General HydroStatics
Ship Stability Software
Command of the Week
(New or interesting aspects of GHS that you may not know about)


When you become familiar with the intricacies of the GROUND command, there are all sorts of clever tricks you can take advantage of. Suppose a vessel is to be heeled by a crane. It could be to parbuckle a capsized vessel, roll a partially completed newbuild that was constructed upside down, or even to test-capsize a perfectly good vessel. Your intuition might steer you to the PULL command, but GROUND actually gives you more control. A vertical PULL force is essentially the same as a negative ADDed weight; you could consider it a permanent shift in the vessel's center of gravity. While that might work fine for small heel angles, it can get messy if you want to know the maximum force on the crane. The ADDed weight or PULL force will be constant no matter the heel angle. If the vessel were to capsize, what was initially a heeling moment would now act to restore the heel.

Another approach more closely models that of a real crane. Typically a crane operator controls the position of the hook, not the tension on the cable. We may want the lifting force to automatically go slack if the vessel heels on its own. The ground force does exactly that. If the designated point on the vessel falls below a certain depth, a sharply increasing restoring force attempts to lift that point. As soon as the vessel point is above the specified depth, the ground force is reduced to zero.

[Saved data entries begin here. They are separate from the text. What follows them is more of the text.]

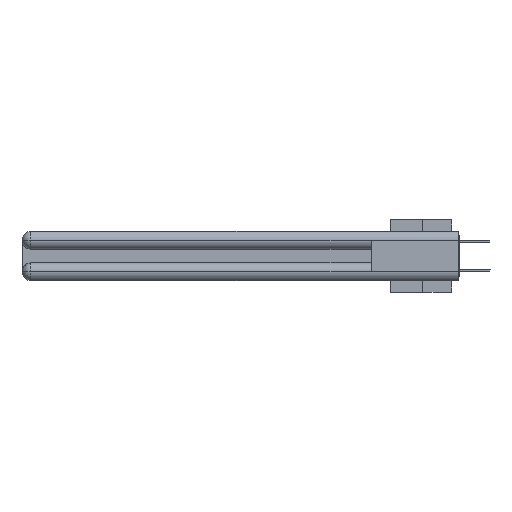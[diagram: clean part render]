
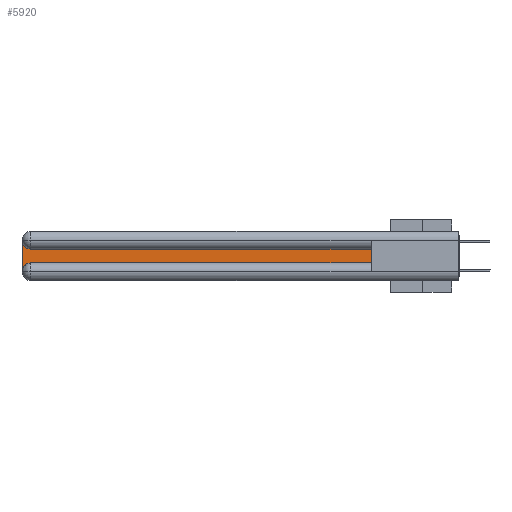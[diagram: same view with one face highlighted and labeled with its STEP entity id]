
A CAD part, left-side view. The second image highlights one B-rep face of the part: STEP entity #5920.
In plain terms, the highlighted planar face has unit normal (-1, 0, 0).
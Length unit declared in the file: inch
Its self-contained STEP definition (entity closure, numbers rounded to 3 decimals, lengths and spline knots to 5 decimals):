
#1481 = CARTESIAN_POINT ( 'NONE',  ( 0.075, 0.6, -0.2175 ) ) ;
#1792 = CARTESIAN_POINT ( 'NONE',  ( 0.075, 0.6, -0.2175 ) ) ;
#2102 = ORIENTED_EDGE ( 'NONE', *, *, #15685, .T. ) ;
#2731 = ORIENTED_EDGE ( 'NONE', *, *, #14628, .T. ) ;
#2751 = ORIENTED_EDGE ( 'NONE', *, *, #28958, .T. ) ;
#3888 = CARTESIAN_POINT ( 'NONE',  ( 0.075, 3., -0.2775 ) ) ;
#4295 = DIRECTION ( 'NONE',  ( 0., 0., 1. ) ) ;
#4319 = LINE ( 'NONE', #1481, #8653 ) ;
#4943 = CARTESIAN_POINT ( 'NONE',  ( 0.075, 2.94, -0.1225 ) ) ;
#5920 = ADVANCED_FACE ( 'NONE', ( #34883 ), #7283, .F. ) ;
#6153 = LINE ( 'NONE', #12125, #27566 ) ;
#7283 = PLANE ( 'NONE',  #14987 ) ;
#7659 = ORIENTED_EDGE ( 'NONE', *, *, #33788, .T. ) ;
#8567 = LINE ( 'NONE', #12396, #33830 ) ;
#8653 = VECTOR ( 'NONE', #4295, 39.37008 ) ;
#9470 = DIRECTION ( 'NONE',  ( 1., 0., 0. ) ) ;
#9493 = LINE ( 'NONE', #20822, #21748 ) ;
#10178 = DIRECTION ( 'NONE',  ( 0., -1., 0. ) ) ;
#11277 = ORIENTED_EDGE ( 'NONE', *, *, #23849, .T. ) ;
#11372 = EDGE_CURVE ( 'NONE', #14433, #11629, #6153, .T. ) ;
#11629 = VERTEX_POINT ( 'NONE', #3888 ) ;
#12125 = CARTESIAN_POINT ( 'NONE',  ( 0.075, 3., -0.2175 ) ) ;
#12335 = CARTESIAN_POINT ( 'NONE',  ( 0.075, 3., -0.0625 ) ) ;
#12396 = CARTESIAN_POINT ( 'NONE',  ( 0.075, 0.6, -0.1225 ) ) ;
#14433 = VERTEX_POINT ( 'NONE', #12335 ) ;
#14442 = VERTEX_POINT ( 'NONE', #32348 ) ;
#14628 = EDGE_CURVE ( 'NONE', #14442, #19472, #8567, .T. ) ;
#14987 = AXIS2_PLACEMENT_3D ( 'NONE', #15819, #24259, #35648 ) ;
#15364 = AXIS2_PLACEMENT_3D ( 'NONE', #23409, #9470, #26465 ) ;
#15685 = EDGE_CURVE ( 'NONE', #11629, #19381, #32975, .T. ) ;
#15819 = CARTESIAN_POINT ( 'NONE',  ( 0.075, 3., -0.1225 ) ) ;
#15835 = VERTEX_POINT ( 'NONE', #1792 ) ;
#16766 = CARTESIAN_POINT ( 'NONE',  ( 0.075, 2.94, -0.0625 ) ) ;
#17237 = DIRECTION ( 'NONE',  ( 1., 0., 0. ) ) ;
#19381 = VERTEX_POINT ( 'NONE', #26808 ) ;
#19472 = VERTEX_POINT ( 'NONE', #4943 ) ;
#19587 = DIRECTION ( 'NONE',  ( 0., 0., -1. ) ) ;
#20557 = DIRECTION ( 'NONE',  ( 0., 0., -1. ) ) ;
#20822 = CARTESIAN_POINT ( 'NONE',  ( 0.075, 0.6, -0.2175 ) ) ;
#21748 = VECTOR ( 'NONE', #10178, 39.37008 ) ;
#23409 = CARTESIAN_POINT ( 'NONE',  ( 0.075, 2.94, -0.2775 ) ) ;
#23521 = CIRCLE ( 'NONE', #31676, 0.06 ) ;
#23849 = EDGE_CURVE ( 'NONE', #19381, #15835, #9493, .T. ) ;
#24007 = DIRECTION ( 'NONE',  ( 0., 1., 0. ) ) ;
#24259 = DIRECTION ( 'NONE',  ( 1., 0., 0. ) ) ;
#24705 = ORIENTED_EDGE ( 'NONE', *, *, #11372, .T. ) ;
#26465 = DIRECTION ( 'NONE',  ( 0., 0., -1. ) ) ;
#26808 = CARTESIAN_POINT ( 'NONE',  ( 0.075, 2.94, -0.2175 ) ) ;
#27566 = VECTOR ( 'NONE', #20557, 39.37008 ) ;
#28958 = EDGE_CURVE ( 'NONE', #15835, #14442, #4319, .T. ) ;
#31676 = AXIS2_PLACEMENT_3D ( 'NONE', #16766, #17237, #19587 ) ;
#32348 = CARTESIAN_POINT ( 'NONE',  ( 0.075, 0.6, -0.1225 ) ) ;
#32903 = EDGE_LOOP ( 'NONE', ( #2731, #7659, #24705, #2102, #11277, #2751 ) ) ;
#32975 = CIRCLE ( 'NONE', #15364, 0.06 ) ;
#33788 = EDGE_CURVE ( 'NONE', #19472, #14433, #23521, .T. ) ;
#33830 = VECTOR ( 'NONE', #24007, 39.37008 ) ;
#34883 = FACE_OUTER_BOUND ( 'NONE', #32903, .T. ) ;
#35648 = DIRECTION ( 'NONE',  ( 0., 0., -1. ) ) ;

The left image below shows a ground point below the hull. After filling the starboard tank, the vessel starts to heel, but is prevented from heeling further by the ground reaction.

There is a mechanism to adjust the depth of the ground which would be analogous to raising or lowering the crane hook. The command is:

   GROUND "description" *,*,*,* /PEN:*+x /NOWARN
      `where x is the amount to shift the ground
To make a time-step simulation, just create a macro and call it once for each time-step. In this way, the position of the hook can be incrementally adjusted and resulting vessel heel and sling force solved for. To see an example run file that generates the images shown below, click here.

Since the ground point is shifted in a macro, it's no trouble to add in a plot of the lifting force at each heel angle.

Of course a rough approximation of the lever arm of the crane hoist and a righting arm table is all you really need for this, but why would you want to miss out on the opportunity to learn more GHS tricks that might lift your sling?

Questions, comments, or requests?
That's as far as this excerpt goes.